+++ SUPPLIED MATERIAL
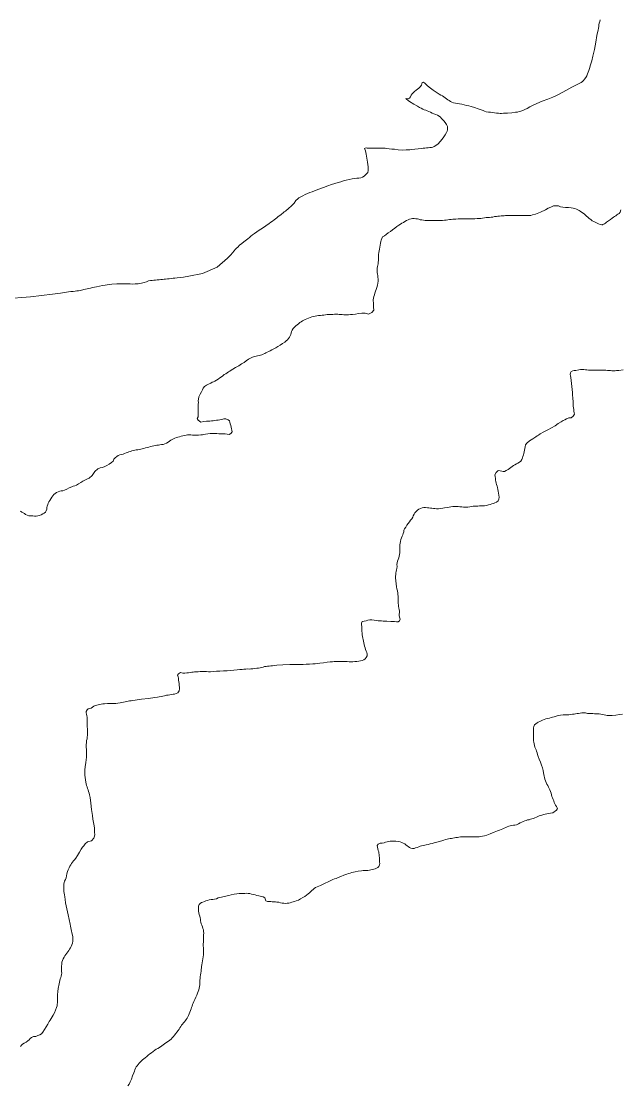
# Model space of a CAD drawing. Header units: kilometres. Extents: x 1172066 to 1174183, y 1051619 to 1053209.
# Drawn here: x 1173682.3 to 1173889.5, y 1052006.6 to 1052374.9 of the extents above; entities that cross this region are included whole.
import ezdxf

# ---------------------------------------------------------------- set-up
doc = ezdxf.new("R2010")
doc.units = ezdxf.units.KM
doc.header["$MEASUREMENT"] = 0
doc.layers.add('terreno', color=7, linetype='Continuous')

msp = doc.modelspace()

# ---------------------------------------------------------------- linework, layer by layer
at = {"layer": 'terreno', "lineweight": 0, "ltscale": 2090}
for points, elevation in [([(1173676.60232, 1052278.80115), (1173685.46401, 1052279.58222), (1173693.07853, 1052280.41402), (1173695.76014, 1052280.75478), (1173697.19808, 1052281.04263), (1173698.53126, 1052281.24131), (1173699.40999, 1052281.35006), (1173700.17584, 1052281.42943), (1173700.90765, 1052281.51666), (1173701.50686, 1052281.58943), (1173702.0729, 1052281.65923), (1173702.7432, 1052281.78584), (1173703.84617, 1052282.02447), (1173705.04685, 1052282.33155), (1173706.16189, 1052282.59089), (1173706.91034, 1052282.75754), (1173707.56638, 1052282.90241), (1173708.28589, 1052283.05559), (1173709.25354, 1052283.25308), (1173710.28759, 1052283.43905), (1173711.26336, 1052283.61157), (1173712.00131, 1052283.74266), (1173712.68152, 1052283.85032), (1173713.56872, 1052283.92876), (1173715.25839, 1052284.02625), (1173717.1492, 1052284.02367), (1173718.86649, 1052284.02379), (1173719.89144, 1052284.01653), (1173720.74303, 1052283.97463), (1173721.63555, 1052283.98144), (1173722.68716, 1052284.0483), (1173723.76433, 1052284.27797), (1173724.77747, 1052284.51701), (1173725.54385, 1052284.73457), (1173726.22299, 1052285.03873), (1173726.91224, 1052285.17593), (1173727.50449, 1052285.23819), (1173728.07242, 1052285.26315), (1173728.64921, 1052285.31648), (1173729.27276, 1052285.38671), (1173729.90795, 1052285.46449), (1173730.52654, 1052285.52835), (1173731.07452, 1052285.57673), (1173731.60557, 1052285.61002), (1173732.15468, 1052285.66456), (1173732.78241, 1052285.73381), (1173733.42945, 1052285.80632), (1173734.079, 1052285.87866), (1173734.73654, 1052285.95137), (1173735.39559, 1052286.02376), (1173736.13776, 1052286.1057), (1173737.20994, 1052286.22851), (1173738.36197, 1052286.38101), (1173740.21019, 1052286.65175), (1173744.84708, 1052287.57644), (1173749.9493, 1052289.83938), (1173753.563, 1052292.91517), (1173754.72785, 1052294.11414), (1173755.25666, 1052294.81446), (1173755.80498, 1052295.43721), (1173756.23172, 1052295.89722), (1173756.62261, 1052296.32073), (1173757.08056, 1052296.77171), (1173757.73908, 1052297.39031), (1173758.4749, 1052298.01659), (1173759.17769, 1052298.57772), (1173759.67528, 1052298.96154), (1173760.13164, 1052299.28735), (1173760.59003, 1052299.64067), (1173761.09414, 1052300.05753), (1173761.58821, 1052300.51835), (1173762.1574, 1052300.95552), (1173762.88519, 1052301.47843), (1173763.65878, 1052302.01321), (1173764.50384, 1052302.58933), (1173765.62225, 1052303.34688), (1173766.81348, 1052304.14279), (1173767.89748, 1052304.88153), (1173768.57934, 1052305.35222), (1173769.15547, 1052305.76374), (1173769.69814, 1052306.16854), (1173770.13911, 1052306.50585), (1173770.54837, 1052306.83411), (1173770.97263, 1052307.16376), (1173771.4452, 1052307.51697), (1173771.9398, 1052307.86345), (1173772.37505, 1052308.21116), (1173772.6623, 1052308.45083), (1173772.91434, 1052308.66169), (1173773.19112, 1052308.89282), (1173773.56703, 1052309.20674), (1173773.96818, 1052309.54096), (1173774.39025, 1052309.89343), (1173774.89397, 1052310.32147), (1173775.40419, 1052310.78385), (1173775.95441, 1052311.28594), (1173776.62471, 1052311.98527), (1173777.20142, 1052312.85383), (1173777.85854, 1052313.48458), (1173778.20183, 1052313.75119), (1173778.47129, 1052313.90728), (1173778.8406, 1052314.09967), (1173779.57587, 1052314.48343), (1173780.40213, 1052314.90995), (1173781.23732, 1052315.27534), (1173782.00857, 1052315.59444), (1173782.7654, 1052315.8958), (1173783.66671, 1052316.23966), (1173785.13041, 1052316.79348), (1173786.73642, 1052317.39244), (1173788.27383, 1052317.93944), (1173789.50145, 1052318.36382), (1173790.65866, 1052318.7337), (1173791.77964, 1052319.08058), (1173792.73919, 1052319.37088), (1173793.66308, 1052319.62617), (1173794.60532, 1052319.87755), (1173795.60507, 1052320.12786), (1173796.62989, 1052320.32595), (1173797.59094, 1052320.51091), (1173798.30705, 1052320.60456), (1173798.9775, 1052320.55566), (1173799.63318, 1052320.67021), (1173800.25138, 1052320.88742), (1173800.75446, 1052321.31128), (1173801.23866, 1052321.77888), (1173801.66854, 1052322.1724), (1173802.0598, 1052322.55574), (1173802.17796, 1052323.20616), (1173802.19901, 1052324.56369), (1173801.97119, 1052326.10708), (1173801.73214, 1052327.47941), (1173801.60178, 1052328.24103), (1173801.49378, 1052328.85158), (1173801.39085, 1052329.44614), (1173801.20869, 1052330.05551), (1173800.85785, 1052330.80793), (1173801.15309, 1052331.01199), (1173801.506, 1052331.03645), (1173801.82577, 1052331.02144), (1173802.35383, 1052331.01688), (1173803.71708, 1052331.01852), (1173805.28918, 1052331.0213), (1173806.69844, 1052331.02082), (1173807.45574, 1052331.00632), (1173808.04793, 1052330.94006), (1173808.68212, 1052330.87165), (1173809.48358, 1052330.78468), (1173810.32447, 1052330.67524), (1173811.26519, 1052330.57259), (1173812.5904, 1052330.43738), (1173814.01417, 1052330.33046), (1173815.29067, 1052330.3502), (1173815.98889, 1052330.38411), (1173816.54271, 1052330.43383), (1173817.20461, 1052330.50224), (1173818.29867, 1052330.61581), (1173819.49934, 1052330.74105), (1173820.58934, 1052330.86493), (1173821.24053, 1052330.94279), (1173821.78156, 1052331.01362), (1173822.33062, 1052331.083), (1173822.9107, 1052331.1477), (1173823.50104, 1052331.19159), (1173824.07512, 1052331.25459), (1173824.58407, 1052331.34478), (1173825.04631, 1052331.55445), (1173825.56725, 1052331.89789), (1173826.3717, 1052332.49648), (1173827.10062, 1052333.24474), (1173827.76068, 1052334.07319), (1173828.33482, 1052334.84174), (1173828.80367, 1052335.60346), (1173829.20695, 1052336.37755), (1173829.44785, 1052336.86952), (1173829.59674, 1052337.29375), (1173829.62256, 1052337.76407), (1173829.55689, 1052338.44682), (1173829.22841, 1052339.1771), (1173828.777, 1052339.85164), (1173828.37387, 1052340.3964), (1173827.97296, 1052340.82166), (1173827.54064, 1052341.24385), (1173827.12334, 1052341.66279), (1173826.71391, 1052342.07359), (1173826.19729, 1052342.37805), (1173825.56858, 1052342.665), (1173824.89156, 1052342.87504), (1173824.25198, 1052343.13594), (1173823.68291, 1052343.39265), (1173823.13102, 1052343.64878), (1173822.58536, 1052343.89095), (1173822.07383, 1052344.10593), (1173821.56325, 1052344.2964), (1173821.0522, 1052344.51605), (1173820.50763, 1052344.77288), (1173819.97336, 1052345.07244), (1173819.28239, 1052345.4531), (1173817.96453, 1052346.19389), (1173816.48729, 1052347.12412), (1173815.40125, 1052347.87348), (1173815.22142, 1052348.119), (1173816.04583, 1052348.08098), (1173816.4644, 1052348.28827), (1173816.75107, 1052348.68878), (1173816.99389, 1052349.26995), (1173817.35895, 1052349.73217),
++++++
▶ [WHAT THE TASK REQUIRES] Scan the lines above for "terreno", then copy every one that has it.

▶ [ANSWER BELOW]
doc.layers.add('terreno', color=7, linetype='Continuous')
at = {"layer": 'terreno', "lineweight": 0, "ltscale": 2090}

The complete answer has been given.